◆ **Available data**:
---
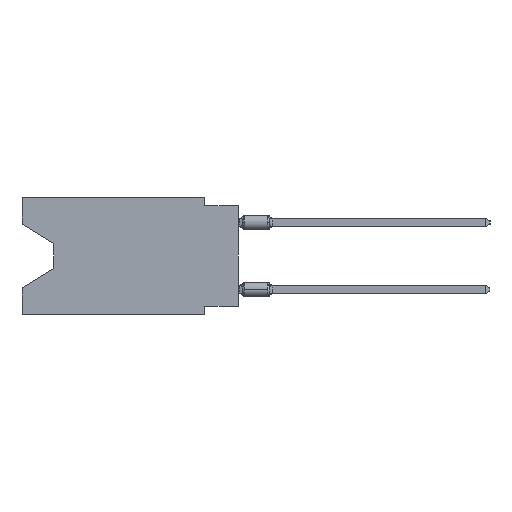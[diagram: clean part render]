
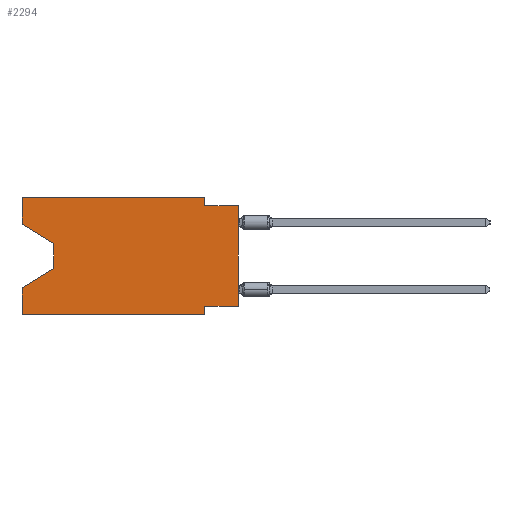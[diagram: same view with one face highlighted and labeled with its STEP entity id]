
A CAD part, left-side view. The second image highlights one B-rep face of the part: STEP entity #2294.
In plain terms, the highlighted planar face has unit normal (-1, 0, 0).
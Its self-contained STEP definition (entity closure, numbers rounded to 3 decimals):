
#181 = ORIENTED_EDGE ( 'NONE', *, *, #17903, .F. ) ;
#265 = LINE ( 'NONE', #28684, #13404 ) ;
#426 = VERTEX_POINT ( 'NONE', #13703 ) ;
#1508 = EDGE_CURVE ( 'NONE', #11609, #426, #4646, .T. ) ;
#1992 = ORIENTED_EDGE ( 'NONE', *, *, #17382, .T. ) ;
#2086 = ORIENTED_EDGE ( 'NONE', *, *, #25789, .F. ) ;
#2294 = ADVANCED_FACE ( 'NONE', ( #4104 ), #13522, .F. ) ;
#2519 = CARTESIAN_POINT ( 'NONE',  ( 0., 16.383, -8.89 ) ) ;
#3212 = VERTEX_POINT ( 'NONE', #23504 ) ;
#3384 = EDGE_CURVE ( 'NONE', #19287, #3212, #8581, .T. ) ;
#4104 = FACE_OUTER_BOUND ( 'NONE', #4365, .T. ) ;
#4188 = EDGE_CURVE ( 'NONE', #10632, #11609, #29544, .T. ) ;
#4365 = EDGE_LOOP ( 'NONE', ( #20825, #10486, #22707, #2086, #10446, #16265, #16958, #1992, #13049, #181, #12769, #13996 ) ) ;
#4429 = CARTESIAN_POINT ( 'NONE',  ( 0., 0., -8.255 ) ) ;
#4646 = LINE ( 'NONE', #26424, #22206 ) ;
#5710 = VERTEX_POINT ( 'NONE', #7734 ) ;
#6050 = CARTESIAN_POINT ( 'NONE',  ( 0., 13.97, -3.505 ) ) ;
#6409 = CARTESIAN_POINT ( 'NONE',  ( 0., 16.383, 0. ) ) ;
#6867 = VERTEX_POINT ( 'NONE', #6409 ) ;
#7337 = DIRECTION ( 'NONE',  ( 0., 0., -1. ) ) ;
#7412 = DIRECTION ( 'NONE',  ( 0., 0.855, -0.519 ) ) ;
#7734 = CARTESIAN_POINT ( 'NONE',  ( 0., 2.54, -0.635 ) ) ;
#8309 = VECTOR ( 'NONE', #18363, 1000. ) ;
#8549 = LINE ( 'NONE', #27427, #27385 ) ;
#8566 = EDGE_CURVE ( 'NONE', #23685, #6867, #21553, .T. ) ;
#8581 = LINE ( 'NONE', #22816, #19250 ) ;
#10019 = CARTESIAN_POINT ( 'NONE',  ( 0., 0., -0.635 ) ) ;
#10324 = LINE ( 'NONE', #10019, #10648 ) ;
#10446 = ORIENTED_EDGE ( 'NONE', *, *, #27778, .T. ) ;
#10486 = ORIENTED_EDGE ( 'NONE', *, *, #4188, .T. ) ;
#10632 = VERTEX_POINT ( 'NONE', #27458 ) ;
#10648 = VECTOR ( 'NONE', #22377, 1000. ) ;
#10943 = LINE ( 'NONE', #29951, #8309 ) ;
#11191 = CARTESIAN_POINT ( 'NONE',  ( 0., 2.54, 0. ) ) ;
#11609 = VERTEX_POINT ( 'NONE', #29880 ) ;
#11934 = DIRECTION ( 'NONE',  ( 0., -1., 0. ) ) ;
#12244 = LINE ( 'NONE', #22530, #25513 ) ;
#12429 = CARTESIAN_POINT ( 'NONE',  ( 0., 16.383, 0. ) ) ;
#12695 = VERTEX_POINT ( 'NONE', #29581 ) ;
#12769 = ORIENTED_EDGE ( 'NONE', *, *, #14696, .F. ) ;
#12809 = VECTOR ( 'NONE', #20206, 1000. ) ;
#13049 = ORIENTED_EDGE ( 'NONE', *, *, #26708, .F. ) ;
#13112 = CARTESIAN_POINT ( 'NONE',  ( 0., 2.54, -8.255 ) ) ;
#13404 = VECTOR ( 'NONE', #21269, 1000. ) ;
#13522 = PLANE ( 'NONE',  #30072 ) ;
#13703 = CARTESIAN_POINT ( 'NONE',  ( 0., 16.383, -6.852 ) ) ;
#13996 = ORIENTED_EDGE ( 'NONE', *, *, #8566, .F. ) ;
#14696 = EDGE_CURVE ( 'NONE', #6867, #26995, #10943, .T. ) ;
#16265 = ORIENTED_EDGE ( 'NONE', *, *, #3384, .F. ) ;
#16958 = ORIENTED_EDGE ( 'NONE', *, *, #27946, .F. ) ;
#17382 = EDGE_CURVE ( 'NONE', #22480, #12695, #17740, .T. ) ;
#17740 = LINE ( 'NONE', #27169, #12809 ) ;
#17895 = DIRECTION ( 'NONE',  ( 0., 1., 0. ) ) ;
#17903 = EDGE_CURVE ( 'NONE', #26995, #5710, #23094, .T. ) ;
#17956 = DIRECTION ( 'NONE',  ( 0., 0., -1. ) ) ;
#18363 = DIRECTION ( 'NONE',  ( 0., -1., 0. ) ) ;
#18827 = CARTESIAN_POINT ( 'NONE',  ( 0., 16.383, -2.038 ) ) ;
#19250 = VECTOR ( 'NONE', #27456, 1000. ) ;
#19287 = VERTEX_POINT ( 'NONE', #13112 ) ;
#19918 = EDGE_CURVE ( 'NONE', #23685, #10632, #265, .T. ) ;
#20206 = DIRECTION ( 'NONE',  ( 0., 0., 1. ) ) ;
#20247 = VERTEX_POINT ( 'NONE', #25097 ) ;
#20254 = VECTOR ( 'NONE', #17956, 1000. ) ;
#20321 = DIRECTION ( 'NONE',  ( 0., 0., -1. ) ) ;
#20825 = ORIENTED_EDGE ( 'NONE', *, *, #19918, .T. ) ;
#21269 = DIRECTION ( 'NONE',  ( 0., -0.855, -0.519 ) ) ;
#21474 = VECTOR ( 'NONE', #21854, 1000. ) ;
#21553 = LINE ( 'NONE', #12429, #21474 ) ;
#21854 = DIRECTION ( 'NONE',  ( 0., 0., 1. ) ) ;
#22206 = VECTOR ( 'NONE', #7412, 1000. ) ;
#22377 = DIRECTION ( 'NONE',  ( 0., -1., 0. ) ) ;
#22480 = VERTEX_POINT ( 'NONE', #4429 ) ;
#22530 = CARTESIAN_POINT ( 'NONE',  ( 0., 0., -8.255 ) ) ;
#22545 = VECTOR ( 'NONE', #11934, 1000. ) ;
#22707 = ORIENTED_EDGE ( 'NONE', *, *, #1508, .T. ) ;
#22708 = VECTOR ( 'NONE', #20321, 1000. ) ;
#22816 = CARTESIAN_POINT ( 'NONE',  ( 0., 2.54, -8.89 ) ) ;
#23094 = LINE ( 'NONE', #11191, #22708 ) ;
#23410 = CARTESIAN_POINT ( 'NONE',  ( 0., 16.383, 0. ) ) ;
#23504 = CARTESIAN_POINT ( 'NONE',  ( 0., 2.54, -8.89 ) ) ;
#23685 = VERTEX_POINT ( 'NONE', #18827 ) ;
#23908 = CARTESIAN_POINT ( 'NONE',  ( 0., 2.54, 0. ) ) ;
#24797 = DIRECTION ( 'NONE',  ( 0., 0., 1. ) ) ;
#25097 = CARTESIAN_POINT ( 'NONE',  ( 0., 16.383, -8.89 ) ) ;
#25513 = VECTOR ( 'NONE', #17895, 1000. ) ;
#25789 = EDGE_CURVE ( 'NONE', #20247, #426, #8549, .T. ) ;
#25848 = LINE ( 'NONE', #2519, #22545 ) ;
#26424 = CARTESIAN_POINT ( 'NONE',  ( 0., 13.97, -5.385 ) ) ;
#26708 = EDGE_CURVE ( 'NONE', #5710, #12695, #10324, .T. ) ;
#26995 = VERTEX_POINT ( 'NONE', #23908 ) ;
#27169 = CARTESIAN_POINT ( 'NONE',  ( 0., 0., 0. ) ) ;
#27385 = VECTOR ( 'NONE', #24797, 1000. ) ;
#27427 = CARTESIAN_POINT ( 'NONE',  ( 0., 16.383, 0. ) ) ;
#27456 = DIRECTION ( 'NONE',  ( 0., 0., -1. ) ) ;
#27458 = CARTESIAN_POINT ( 'NONE',  ( 0., 13.97, -3.505 ) ) ;
#27778 = EDGE_CURVE ( 'NONE', #20247, #3212, #25848, .T. ) ;
#27946 = EDGE_CURVE ( 'NONE', #22480, #19287, #12244, .T. ) ;
#28520 = DIRECTION ( 'NONE',  ( 1., 0., 0. ) ) ;
#28684 = CARTESIAN_POINT ( 'NONE',  ( 0., 16.383, -2.038 ) ) ;
#29544 = LINE ( 'NONE', #6050, #20254 ) ;
#29581 = CARTESIAN_POINT ( 'NONE',  ( 0., 0., -0.635 ) ) ;
#29880 = CARTESIAN_POINT ( 'NONE',  ( 0., 13.97, -5.385 ) ) ;
#29951 = CARTESIAN_POINT ( 'NONE',  ( 0., 16.383, 0. ) ) ;
#30072 = AXIS2_PLACEMENT_3D ( 'NONE', #23410, #28520, #7337 ) ;
---
Give again exactly, and only, the lines above starting at the one with "#17956 = DIRECTION" and ending at the one with "#28520 = DIRECTION".

◆ **Your solution**:
#17956 = DIRECTION ( 'NONE',  ( 0., 0., -1. ) ) ;
#18363 = DIRECTION ( 'NONE',  ( 0., -1., 0. ) ) ;
#18827 = CARTESIAN_POINT ( 'NONE',  ( 0., 16.383, -2.038 ) ) ;
#19250 = VECTOR ( 'NONE', #27456, 1000. ) ;
#19287 = VERTEX_POINT ( 'NONE', #13112 ) ;
#19918 = EDGE_CURVE ( 'NONE', #23685, #10632, #265, .T. ) ;
#20206 = DIRECTION ( 'NONE',  ( 0., 0., 1. ) ) ;
#20247 = VERTEX_POINT ( 'NONE', #25097 ) ;
#20254 = VECTOR ( 'NONE', #17956, 1000. ) ;
#20321 = DIRECTION ( 'NONE',  ( 0., 0., -1. ) ) ;
#20825 = ORIENTED_EDGE ( 'NONE', *, *, #19918, .T. ) ;
#21269 = DIRECTION ( 'NONE',  ( 0., -0.855, -0.519 ) ) ;
#21474 = VECTOR ( 'NONE', #21854, 1000. ) ;
#21553 = LINE ( 'NONE', #12429, #21474 ) ;
#21854 = DIRECTION ( 'NONE',  ( 0., 0., 1. ) ) ;
#22206 = VECTOR ( 'NONE', #7412, 1000. ) ;
#22377 = DIRECTION ( 'NONE',  ( 0., -1., 0. ) ) ;
#22480 = VERTEX_POINT ( 'NONE', #4429 ) ;
#22530 = CARTESIAN_POINT ( 'NONE',  ( 0., 0., -8.255 ) ) ;
#22545 = VECTOR ( 'NONE', #11934, 1000. ) ;
#22707 = ORIENTED_EDGE ( 'NONE', *, *, #1508, .T. ) ;
#22708 = VECTOR ( 'NONE', #20321, 1000. ) ;
#22816 = CARTESIAN_POINT ( 'NONE',  ( 0., 2.54, -8.89 ) ) ;
#23094 = LINE ( 'NONE', #11191, #22708 ) ;
#23410 = CARTESIAN_POINT ( 'NONE',  ( 0., 16.383, 0. ) ) ;
#23504 = CARTESIAN_POINT ( 'NONE',  ( 0., 2.54, -8.89 ) ) ;
#23685 = VERTEX_POINT ( 'NONE', #18827 ) ;
#23908 = CARTESIAN_POINT ( 'NONE',  ( 0., 2.54, 0. ) ) ;
#24797 = DIRECTION ( 'NONE',  ( 0., 0., 1. ) ) ;
#25097 = CARTESIAN_POINT ( 'NONE',  ( 0., 16.383, -8.89 ) ) ;
#25513 = VECTOR ( 'NONE', #17895, 1000. ) ;
#25789 = EDGE_CURVE ( 'NONE', #20247, #426, #8549, .T. ) ;
#25848 = LINE ( 'NONE', #2519, #22545 ) ;
#26424 = CARTESIAN_POINT ( 'NONE',  ( 0., 13.97, -5.385 ) ) ;
#26708 = EDGE_CURVE ( 'NONE', #5710, #12695, #10324, .T. ) ;
#26995 = VERTEX_POINT ( 'NONE', #23908 ) ;
#27169 = CARTESIAN_POINT ( 'NONE',  ( 0., 0., 0. ) ) ;
#27385 = VECTOR ( 'NONE', #24797, 1000. ) ;
#27427 = CARTESIAN_POINT ( 'NONE',  ( 0., 16.383, 0. ) ) ;
#27456 = DIRECTION ( 'NONE',  ( 0., 0., -1. ) ) ;
#27458 = CARTESIAN_POINT ( 'NONE',  ( 0., 13.97, -3.505 ) ) ;
#27778 = EDGE_CURVE ( 'NONE', #20247, #3212, #25848, .T. ) ;
#27946 = EDGE_CURVE ( 'NONE', #22480, #19287, #12244, .T. ) ;
#28520 = DIRECTION ( 'NONE',  ( 1., 0., 0. ) ) ;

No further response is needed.